*** Opening Information given ***

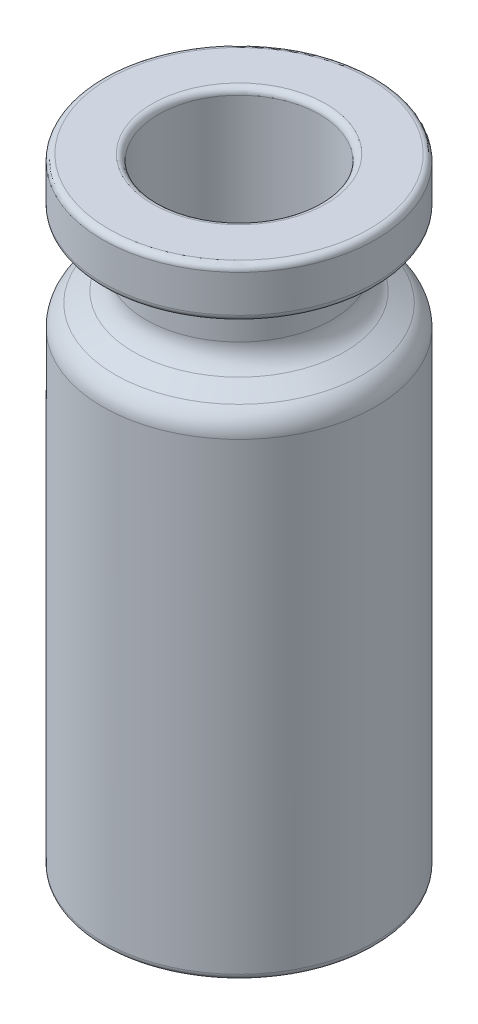
SolidWorks part; units mm, degrees
ref_plane "Front Plane" through (0, 0, 0) normal (0, 0, 1) x (1, 0, 0)
ref_plane "Top Plane" through (0, 0, 0) normal (0, 1, 0) x (1, 0, 0)
ref_plane "Right Plane" through (0, 0, 0) normal (1, 0, 0) x (0, 0, -1)
sketch "Sketch1" plane through (0, 0, 0) normal (0, 0, 1) x (1, 0, 0)
  line L0 (0, 0) -> (11, 0)
  line L1 (11, 0) -> (11, 50) construction
  line L2 (11, 0) -> (11, 39)
  line L3 (11, 39) -> (7.5, 41)
  line L4 (7.5, 41) -> (7.5, 46)
  line L5 (7.5, 46) -> (11, 46)
  line L6 (11, 46) -> (11, 50)
  line L7 (11, 50) -> (6.5, 50)
  line L8 (6.5, 50) -> (6.5, 40.4197)
  line L9 (6.5, 40.4197) -> (10, 38.4197)
  line L10 (10, 38.4197) -> (10, 1)
  line L11 (10, 1) -> (0, 1)
  line L12 (0, 1) -> (0, 0)
  line L13 (0, 0) -> (0, 50) construction
  line L14 (0, 50) -> (6.5, 50) construction
  dimension "D1" = 11
  dimension "D2" = 50
  dimension "D3" = 4
  dimension "D4" = 15
  dimension "D5" = 1
  dimension "D6" = 1
  dimension "D7" = 1
  dimension "D8" = 1
  dimension "D9" = 5
  dimension "D10" = 39
revolve "Revolve1" add sketch "Sketch1" angle 360 about L13
fillet "Fillet1" radius 2 3 edges at (0, 46, -7.5) (0, 41, -7.5) (0, 39, -11)
fillet "Fillet2" radius 0.5 4 edges at (0, 50, -6.5) (0, 46, -11) (0, 50, -11) (0, 0, -11)
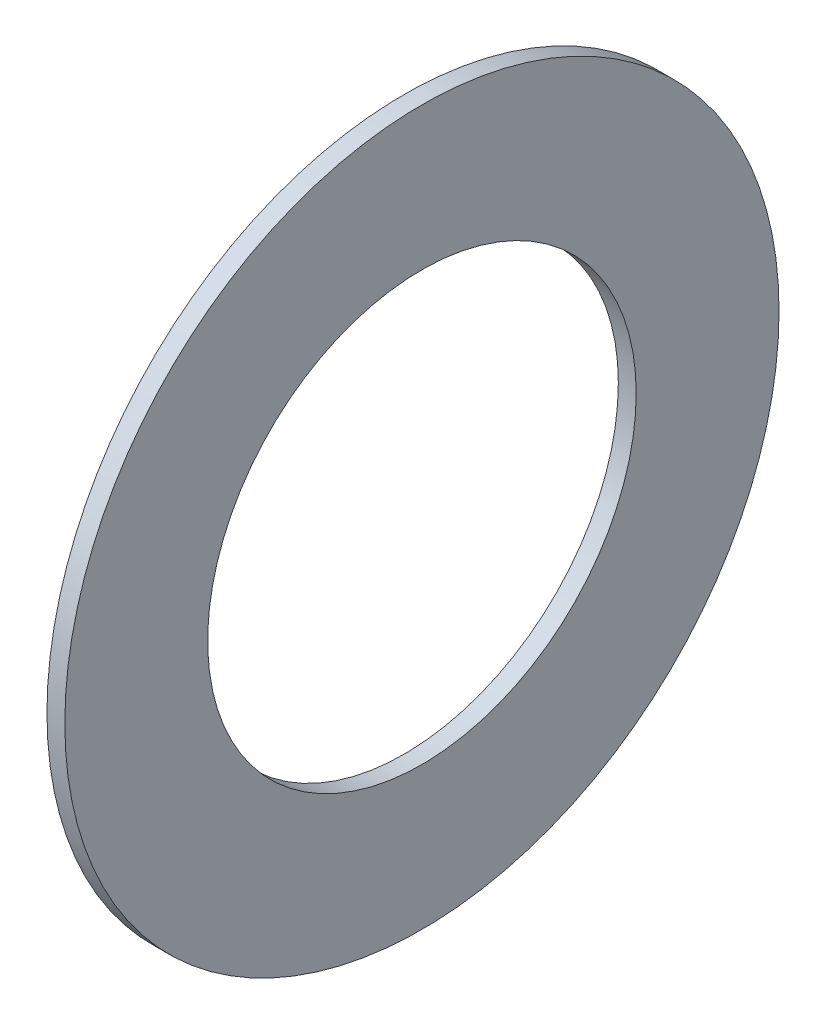
SolidWorks part; units mm, degrees
material "Plain Carbon Steel"
ref_plane "Front Plane" through (0, 0, 0) normal (0, 0, 1) x (1, 0, 0)
ref_plane "Top Plane" through (0, 0, 0) normal (0, 1, 0) x (1, 0, 0)
ref_plane "Right Plane" through (0, 0, 0) normal (1, 0, 0) x (0, 0, -1)
sketch "Sketch1" plane through (0, 0, 0) normal (1, 0, 0) x (0, 0, -1)
  circle A0 centre (0, 0) radius 9.525
  circle A1 centre (0, 0) radius 15.875
  dimension "D1" = 19.05
  dimension "D2" = 31.75
extrude "Extrude1" add sketch "Sketch1" along normal blind 0.7937
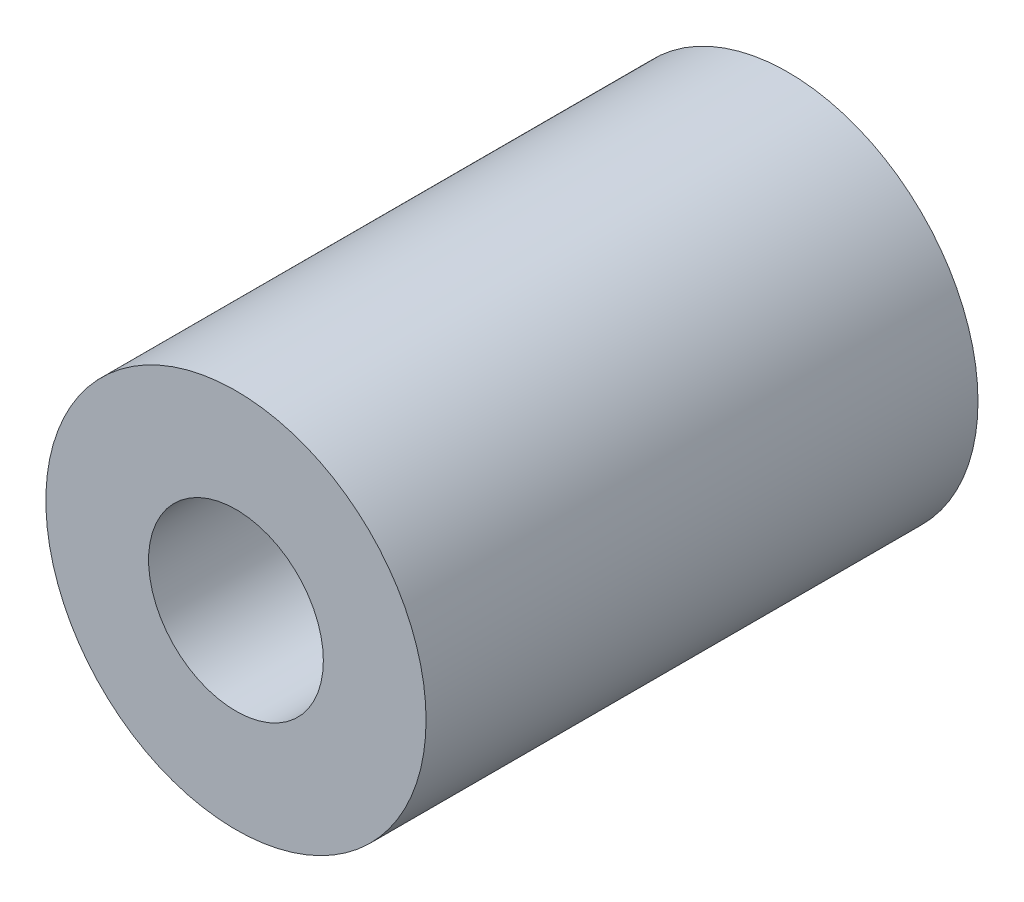
SolidWorks part; units mm, degrees
ref_plane "Front Plane" through (0, 0, 0) normal (0, 0, 1) x (1, 0, 0)
ref_plane "Top Plane" through (0, 0, 0) normal (0, 1, 0) x (1, 0, 0)
ref_plane "Right Plane" through (0, 0, 0) normal (1, 0, 0) x (0, 0, -1)
sketch "Sketch1" plane through (0, 0, 0) normal (0, 0, 1) x (1, 0, 0)
  circle A0 centre (0, 0) radius 3.1
  circle A1 centre (0, 0) radius 1.425
  dimension "D1" = 2.85
  dimension "D3" = 6.2
extrude "Boss-Extrude1" add sketch "Sketch1" along normal blind 9

*** Closing Information given ***

## Work required
Each entry above has to be set down again verbatim, except for its pictures.

## Expected answer
SolidWorks part; units mm, degrees
ref_plane "Front Plane" through (0, 0, 0) normal (0, 0, 1) x (1, 0, 0)
ref_plane "Top Plane" through (0, 0, 0) normal (0, 1, 0) x (1, 0, 0)
ref_plane "Right Plane" through (0, 0, 0) normal (1, 0, 0) x (0, 0, -1)
sketch "Sketch1" plane through (0, 0, 0) normal (0, 0, 1) x (1, 0, 0)
  line L0 (0, 0) -> (11, 0)
  line L1 (11, 0) -> (11, 50) construction
  line L2 (11, 0) -> (11, 39)
  line L3 (11, 39) -> (7.5, 41)
  line L4 (7.5, 41) -> (7.5, 46)
  line L5 (7.5, 46) -> (11, 46)
  line L6 (11, 46) -> (11, 50)
  line L7 (11, 50) -> (6.5, 50)
  line L8 (6.5, 50) -> (6.5, 40.4197)
  line L9 (6.5, 40.4197) -> (10, 38.4197)
  line L10 (10, 38.4197) -> (10, 1)
  line L11 (10, 1) -> (0, 1)
  line L12 (0, 1) -> (0, 0)
  line L13 (0, 0) -> (0, 50) construction
  line L14 (0, 50) -> (6.5, 50) construction
  dimension "D1" = 11
  dimension "D2" = 50
  dimension "D3" = 4
  dimension "D4" = 15
  dimension "D5" = 1
  dimension "D6" = 1
  dimension "D7" = 1
  dimension "D8" = 1
  dimension "D9" = 5
  dimension "D10" = 39
revolve "Revolve1" add sketch "Sketch1" angle 360 about L13
fillet "Fillet1" radius 2 3 edges at (0, 46, -7.5) (0, 41, -7.5) (0, 39, -11)
fillet "Fillet2" radius 0.5 4 edges at (0, 50, -6.5) (0, 46, -11) (0, 50, -11) (0, 0, -11)
SolidWorks part; units mm, degrees
material "Plain Carbon Steel"
ref_plane "Front Plane" through (0, 0, 0) normal (0, 0, 1) x (1, 0, 0)
ref_plane "Top Plane" through (0, 0, 0) normal (0, 1, 0) x (1, 0, 0)
ref_plane "Right Plane" through (0, 0, 0) normal (1, 0, 0) x (0, 0, -1)
sketch "Sketch1" plane through (0, 0, 0) normal (1, 0, 0) x (0, 0, -1)
  circle A0 centre (0, 0) radius 9.525
  circle A1 centre (0, 0) radius 15.875
  dimension "D1" = 19.05
  dimension "D2" = 31.75
extrude "Extrude1" add sketch "Sketch1" along normal blind 0.7937
SolidWorks part; units mm, degrees
ref_plane "Front Plane" through (0, 0, 0) normal (0, 0, 1) x (1, 0, 0)
ref_plane "Top Plane" through (0, 0, 0) normal (0, 1, 0) x (1, 0, 0)
ref_plane "Right Plane" through (0, 0, 0) normal (1, 0, 0) x (0, 0, -1)
sketch "Sketch1" plane through (0, 0, 0) normal (0, 0, 1) x (1, 0, 0)
  circle A0 centre (0, 0) radius 3.1
  circle A1 centre (0, 0) radius 1.425
  dimension "D1" = 2.85
  dimension "D3" = 6.2
extrude "Boss-Extrude1" add sketch "Sketch1" along normal blind 9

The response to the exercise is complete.